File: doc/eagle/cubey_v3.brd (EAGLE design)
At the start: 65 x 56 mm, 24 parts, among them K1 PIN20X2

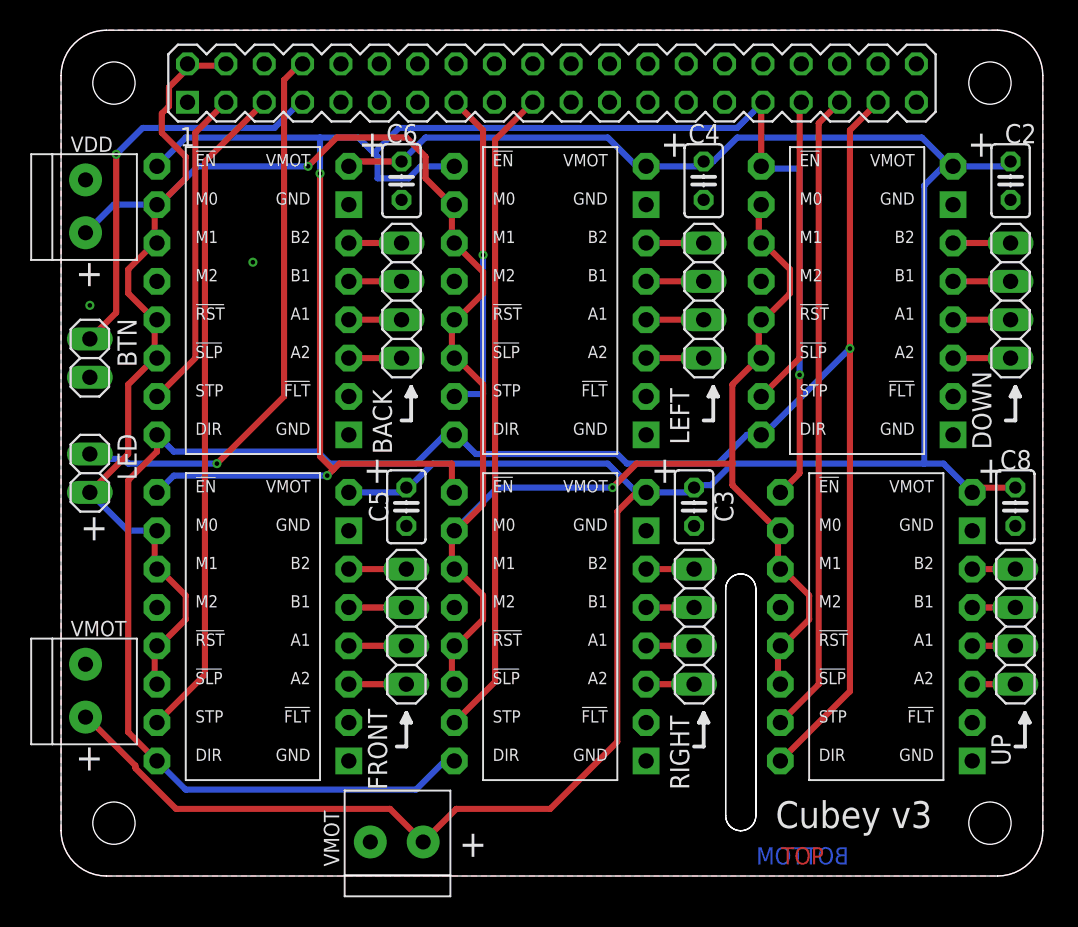
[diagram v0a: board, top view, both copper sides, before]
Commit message: Update v3 board layout, with cutout for RPi camera, remove of v2 designs
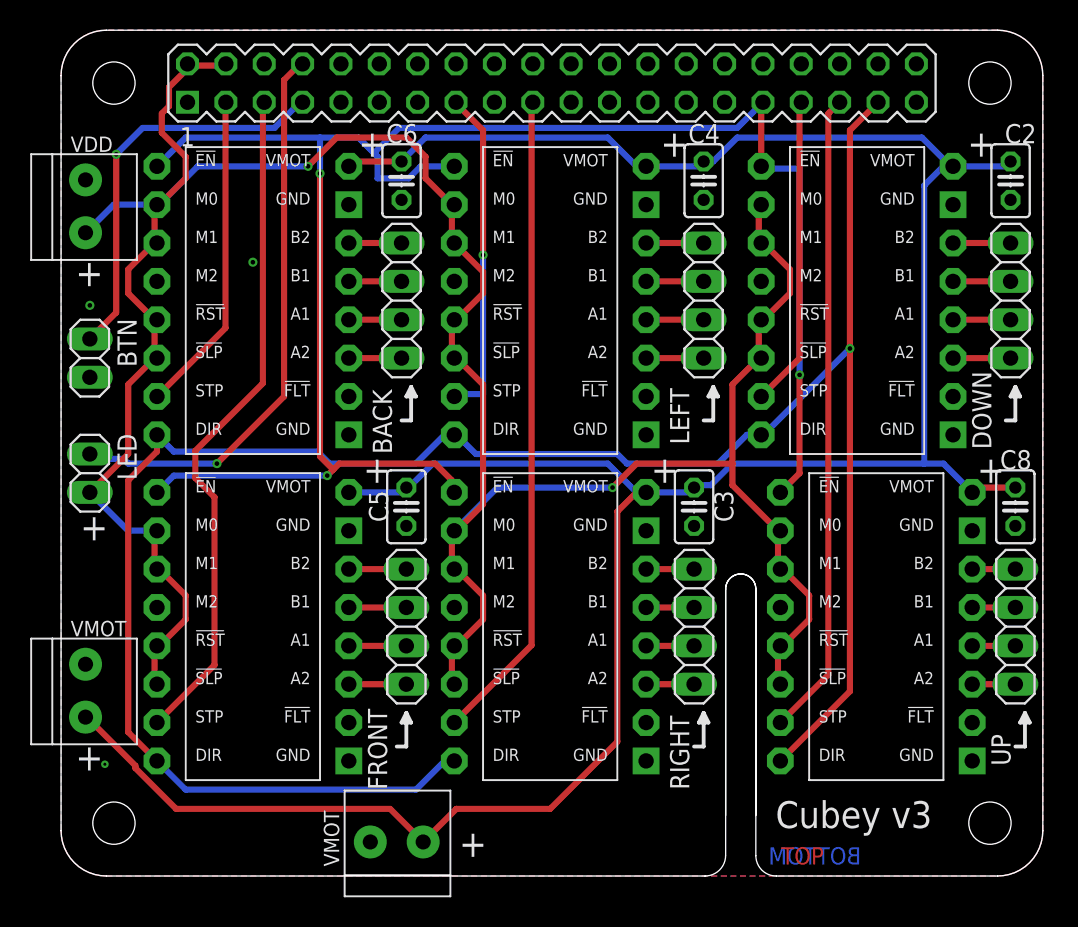
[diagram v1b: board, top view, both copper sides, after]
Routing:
- net FRONT: track 44.0 -> 45.1 mm
- net !EN_MOT: track 123.4 -> 122.7 mm
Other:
- outline, holes or cut-outs redrawn

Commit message: updated board layout
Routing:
- net LEFT: track 22.0 -> 21.0 mm
- net +5V: track 180.6 -> 179.7 mm
- net !EN_MOT: track 122.7 -> 122.2 mm
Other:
- outline, holes or cut-outs redrawn

-.-.-

The answer should be an exact copy of the material, with its pictures removed.

• **Task result**:
File: doc/eagle/cubey_v3.brd (EAGLE design)
At the start: 65 x 56 mm, 24 parts, among them K1 PIN20X2

[diagram v0a: board, top view, both copper sides, before]
Commit message: Update v3 board layout, with cutout for RPi camera, remove of v2 designs
[diagram v1b: board, top view, both copper sides, after]
Routing:
- net FRONT: track 44.0 -> 45.1 mm
- net !EN_MOT: track 123.4 -> 122.7 mm
Other:
- outline, holes or cut-outs redrawn

Commit message: updated board layout
Routing:
- net LEFT: track 22.0 -> 21.0 mm
- net +5V: track 180.6 -> 179.7 mm
- net !EN_MOT: track 122.7 -> 122.2 mm
Other:
- outline, holes or cut-outs redrawn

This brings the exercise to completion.